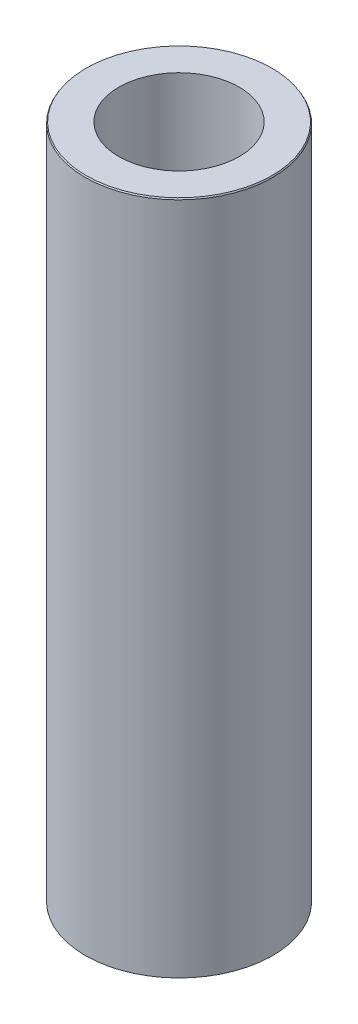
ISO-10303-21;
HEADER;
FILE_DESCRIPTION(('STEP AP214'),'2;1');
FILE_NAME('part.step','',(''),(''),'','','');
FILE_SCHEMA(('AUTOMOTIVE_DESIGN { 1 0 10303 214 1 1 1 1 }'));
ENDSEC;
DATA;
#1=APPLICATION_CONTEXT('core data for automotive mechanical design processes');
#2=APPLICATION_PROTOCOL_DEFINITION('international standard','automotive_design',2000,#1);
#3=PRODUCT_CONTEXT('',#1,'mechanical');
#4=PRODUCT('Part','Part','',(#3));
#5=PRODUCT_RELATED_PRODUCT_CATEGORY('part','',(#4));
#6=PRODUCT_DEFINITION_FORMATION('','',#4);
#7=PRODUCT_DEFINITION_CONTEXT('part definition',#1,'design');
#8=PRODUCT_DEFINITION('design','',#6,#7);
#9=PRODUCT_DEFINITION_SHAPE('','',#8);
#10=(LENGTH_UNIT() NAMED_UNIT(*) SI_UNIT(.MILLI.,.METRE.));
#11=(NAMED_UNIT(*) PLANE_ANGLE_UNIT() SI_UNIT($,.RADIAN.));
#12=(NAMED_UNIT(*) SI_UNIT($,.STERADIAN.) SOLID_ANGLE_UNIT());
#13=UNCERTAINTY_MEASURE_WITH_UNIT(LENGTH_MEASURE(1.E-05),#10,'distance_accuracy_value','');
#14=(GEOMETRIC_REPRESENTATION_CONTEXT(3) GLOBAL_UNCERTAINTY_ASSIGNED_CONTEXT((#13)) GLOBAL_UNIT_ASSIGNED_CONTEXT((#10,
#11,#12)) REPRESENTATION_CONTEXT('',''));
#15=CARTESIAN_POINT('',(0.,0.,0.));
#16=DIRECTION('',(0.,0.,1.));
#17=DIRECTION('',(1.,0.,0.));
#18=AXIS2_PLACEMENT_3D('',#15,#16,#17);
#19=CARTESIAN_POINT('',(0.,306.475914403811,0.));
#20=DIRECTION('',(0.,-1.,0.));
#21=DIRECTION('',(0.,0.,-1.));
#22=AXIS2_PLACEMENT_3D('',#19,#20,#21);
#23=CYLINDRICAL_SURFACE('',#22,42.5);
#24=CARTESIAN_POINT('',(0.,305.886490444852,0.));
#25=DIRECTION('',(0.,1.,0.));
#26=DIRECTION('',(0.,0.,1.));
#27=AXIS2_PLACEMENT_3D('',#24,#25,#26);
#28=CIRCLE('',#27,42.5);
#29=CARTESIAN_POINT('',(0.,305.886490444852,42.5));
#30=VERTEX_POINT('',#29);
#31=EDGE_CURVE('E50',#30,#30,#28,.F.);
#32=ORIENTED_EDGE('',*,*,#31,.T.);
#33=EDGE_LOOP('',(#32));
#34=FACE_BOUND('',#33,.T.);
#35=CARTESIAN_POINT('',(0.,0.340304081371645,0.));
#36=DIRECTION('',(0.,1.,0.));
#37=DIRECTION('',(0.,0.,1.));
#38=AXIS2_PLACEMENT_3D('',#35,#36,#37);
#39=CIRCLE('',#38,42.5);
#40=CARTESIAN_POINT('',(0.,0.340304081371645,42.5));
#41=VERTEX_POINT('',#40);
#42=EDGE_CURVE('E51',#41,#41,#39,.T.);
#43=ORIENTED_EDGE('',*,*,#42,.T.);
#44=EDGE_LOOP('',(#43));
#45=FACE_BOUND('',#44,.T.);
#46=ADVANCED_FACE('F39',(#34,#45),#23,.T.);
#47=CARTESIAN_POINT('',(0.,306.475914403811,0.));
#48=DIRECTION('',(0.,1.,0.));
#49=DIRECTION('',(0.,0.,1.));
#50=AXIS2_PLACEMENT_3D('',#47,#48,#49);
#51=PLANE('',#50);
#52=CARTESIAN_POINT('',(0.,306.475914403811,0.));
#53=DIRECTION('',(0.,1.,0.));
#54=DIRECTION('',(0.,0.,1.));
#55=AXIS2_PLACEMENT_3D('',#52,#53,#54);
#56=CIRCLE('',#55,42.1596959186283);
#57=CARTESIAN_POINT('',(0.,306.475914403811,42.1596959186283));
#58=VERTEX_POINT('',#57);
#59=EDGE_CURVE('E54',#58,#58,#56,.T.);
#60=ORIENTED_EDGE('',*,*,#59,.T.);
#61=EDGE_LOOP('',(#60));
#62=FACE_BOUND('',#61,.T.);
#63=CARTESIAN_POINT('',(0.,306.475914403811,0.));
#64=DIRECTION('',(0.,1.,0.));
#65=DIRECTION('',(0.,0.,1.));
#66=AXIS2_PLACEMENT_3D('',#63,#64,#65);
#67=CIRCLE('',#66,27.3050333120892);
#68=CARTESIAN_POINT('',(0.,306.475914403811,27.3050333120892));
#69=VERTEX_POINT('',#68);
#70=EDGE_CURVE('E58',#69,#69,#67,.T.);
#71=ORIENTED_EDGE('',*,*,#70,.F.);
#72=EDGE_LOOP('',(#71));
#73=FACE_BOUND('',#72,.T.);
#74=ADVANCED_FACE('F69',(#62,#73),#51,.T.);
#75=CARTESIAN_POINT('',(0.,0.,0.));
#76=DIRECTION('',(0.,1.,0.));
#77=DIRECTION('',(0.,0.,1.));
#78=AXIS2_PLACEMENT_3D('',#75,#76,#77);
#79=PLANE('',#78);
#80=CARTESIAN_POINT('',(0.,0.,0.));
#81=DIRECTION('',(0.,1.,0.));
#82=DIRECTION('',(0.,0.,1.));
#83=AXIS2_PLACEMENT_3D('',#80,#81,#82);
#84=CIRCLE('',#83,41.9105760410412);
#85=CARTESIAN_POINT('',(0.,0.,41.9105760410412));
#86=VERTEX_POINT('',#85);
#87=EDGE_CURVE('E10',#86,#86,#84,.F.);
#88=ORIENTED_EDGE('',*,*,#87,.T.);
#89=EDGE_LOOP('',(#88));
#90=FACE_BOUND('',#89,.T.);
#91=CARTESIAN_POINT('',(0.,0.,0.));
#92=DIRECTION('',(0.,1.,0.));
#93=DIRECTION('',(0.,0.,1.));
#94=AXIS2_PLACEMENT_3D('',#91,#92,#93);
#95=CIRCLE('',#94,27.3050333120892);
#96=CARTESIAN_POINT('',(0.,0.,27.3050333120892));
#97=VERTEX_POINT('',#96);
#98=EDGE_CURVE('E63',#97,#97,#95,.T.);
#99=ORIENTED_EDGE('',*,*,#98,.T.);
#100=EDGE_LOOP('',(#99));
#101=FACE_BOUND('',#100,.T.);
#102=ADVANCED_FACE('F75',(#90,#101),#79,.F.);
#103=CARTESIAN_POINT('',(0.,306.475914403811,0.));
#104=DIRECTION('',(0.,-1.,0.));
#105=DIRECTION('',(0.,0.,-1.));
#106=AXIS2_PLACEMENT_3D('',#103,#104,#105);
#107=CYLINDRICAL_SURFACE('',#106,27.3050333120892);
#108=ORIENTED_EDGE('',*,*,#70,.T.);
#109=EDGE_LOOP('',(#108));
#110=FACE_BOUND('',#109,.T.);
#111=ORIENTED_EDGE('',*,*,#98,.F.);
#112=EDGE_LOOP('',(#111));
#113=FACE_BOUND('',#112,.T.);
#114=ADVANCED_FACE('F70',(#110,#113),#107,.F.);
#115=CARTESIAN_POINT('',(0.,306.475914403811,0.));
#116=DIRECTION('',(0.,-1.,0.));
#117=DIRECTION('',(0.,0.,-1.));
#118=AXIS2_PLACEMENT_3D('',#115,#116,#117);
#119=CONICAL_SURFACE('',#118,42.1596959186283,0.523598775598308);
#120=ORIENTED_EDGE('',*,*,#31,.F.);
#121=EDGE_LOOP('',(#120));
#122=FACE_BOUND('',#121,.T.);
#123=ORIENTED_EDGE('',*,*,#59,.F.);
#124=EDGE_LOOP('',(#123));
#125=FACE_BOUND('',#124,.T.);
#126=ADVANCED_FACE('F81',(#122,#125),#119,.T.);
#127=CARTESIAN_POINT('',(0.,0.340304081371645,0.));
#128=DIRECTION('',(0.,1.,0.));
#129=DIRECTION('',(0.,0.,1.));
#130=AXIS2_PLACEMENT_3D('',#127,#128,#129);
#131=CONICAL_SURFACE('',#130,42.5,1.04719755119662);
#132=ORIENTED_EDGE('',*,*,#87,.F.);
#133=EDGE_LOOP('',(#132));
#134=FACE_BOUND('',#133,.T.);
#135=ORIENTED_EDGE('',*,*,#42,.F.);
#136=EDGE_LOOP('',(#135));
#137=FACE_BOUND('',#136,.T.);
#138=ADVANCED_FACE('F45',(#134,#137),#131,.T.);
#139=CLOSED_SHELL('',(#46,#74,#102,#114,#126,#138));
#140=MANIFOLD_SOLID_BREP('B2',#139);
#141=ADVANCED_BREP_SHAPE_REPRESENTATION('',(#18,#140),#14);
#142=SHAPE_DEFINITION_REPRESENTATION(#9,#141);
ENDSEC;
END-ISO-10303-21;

• • • •

## WORK TO COMPLETE
Above is a listing; print exactly its lines from the one with "#26=DIRECTION('',(0.,0.,1.));" through the one with "#69=VERTEX_POINT('',#68);", and no other lines.

## WRITTEN REPLY
#26=DIRECTION('',(0.,0.,1.));
#27=AXIS2_PLACEMENT_3D('',#24,#25,#26);
#28=CIRCLE('',#27,42.5);
#29=CARTESIAN_POINT('',(0.,305.886490444852,42.5));
#30=VERTEX_POINT('',#29);
#31=EDGE_CURVE('E50',#30,#30,#28,.F.);
#32=ORIENTED_EDGE('',*,*,#31,.T.);
#33=EDGE_LOOP('',(#32));
#34=FACE_BOUND('',#33,.T.);
#35=CARTESIAN_POINT('',(0.,0.340304081371645,0.));
#36=DIRECTION('',(0.,1.,0.));
#37=DIRECTION('',(0.,0.,1.));
#38=AXIS2_PLACEMENT_3D('',#35,#36,#37);
#39=CIRCLE('',#38,42.5);
#40=CARTESIAN_POINT('',(0.,0.340304081371645,42.5));
#41=VERTEX_POINT('',#40);
#42=EDGE_CURVE('E51',#41,#41,#39,.T.);
#43=ORIENTED_EDGE('',*,*,#42,.T.);
#44=EDGE_LOOP('',(#43));
#45=FACE_BOUND('',#44,.T.);
#46=ADVANCED_FACE('F39',(#34,#45),#23,.T.);
#47=CARTESIAN_POINT('',(0.,306.475914403811,0.));
#48=DIRECTION('',(0.,1.,0.));
#49=DIRECTION('',(0.,0.,1.));
#50=AXIS2_PLACEMENT_3D('',#47,#48,#49);
#51=PLANE('',#50);
#52=CARTESIAN_POINT('',(0.,306.475914403811,0.));
#53=DIRECTION('',(0.,1.,0.));
#54=DIRECTION('',(0.,0.,1.));
#55=AXIS2_PLACEMENT_3D('',#52,#53,#54);
#56=CIRCLE('',#55,42.1596959186283);
#57=CARTESIAN_POINT('',(0.,306.475914403811,42.1596959186283));
#58=VERTEX_POINT('',#57);
#59=EDGE_CURVE('E54',#58,#58,#56,.T.);
#60=ORIENTED_EDGE('',*,*,#59,.T.);
#61=EDGE_LOOP('',(#60));
#62=FACE_BOUND('',#61,.T.);
#63=CARTESIAN_POINT('',(0.,306.475914403811,0.));
#64=DIRECTION('',(0.,1.,0.));
#65=DIRECTION('',(0.,0.,1.));
#66=AXIS2_PLACEMENT_3D('',#63,#64,#65);
#67=CIRCLE('',#66,27.3050333120892);
#68=CARTESIAN_POINT('',(0.,306.475914403811,27.3050333120892));
#69=VERTEX_POINT('',#68);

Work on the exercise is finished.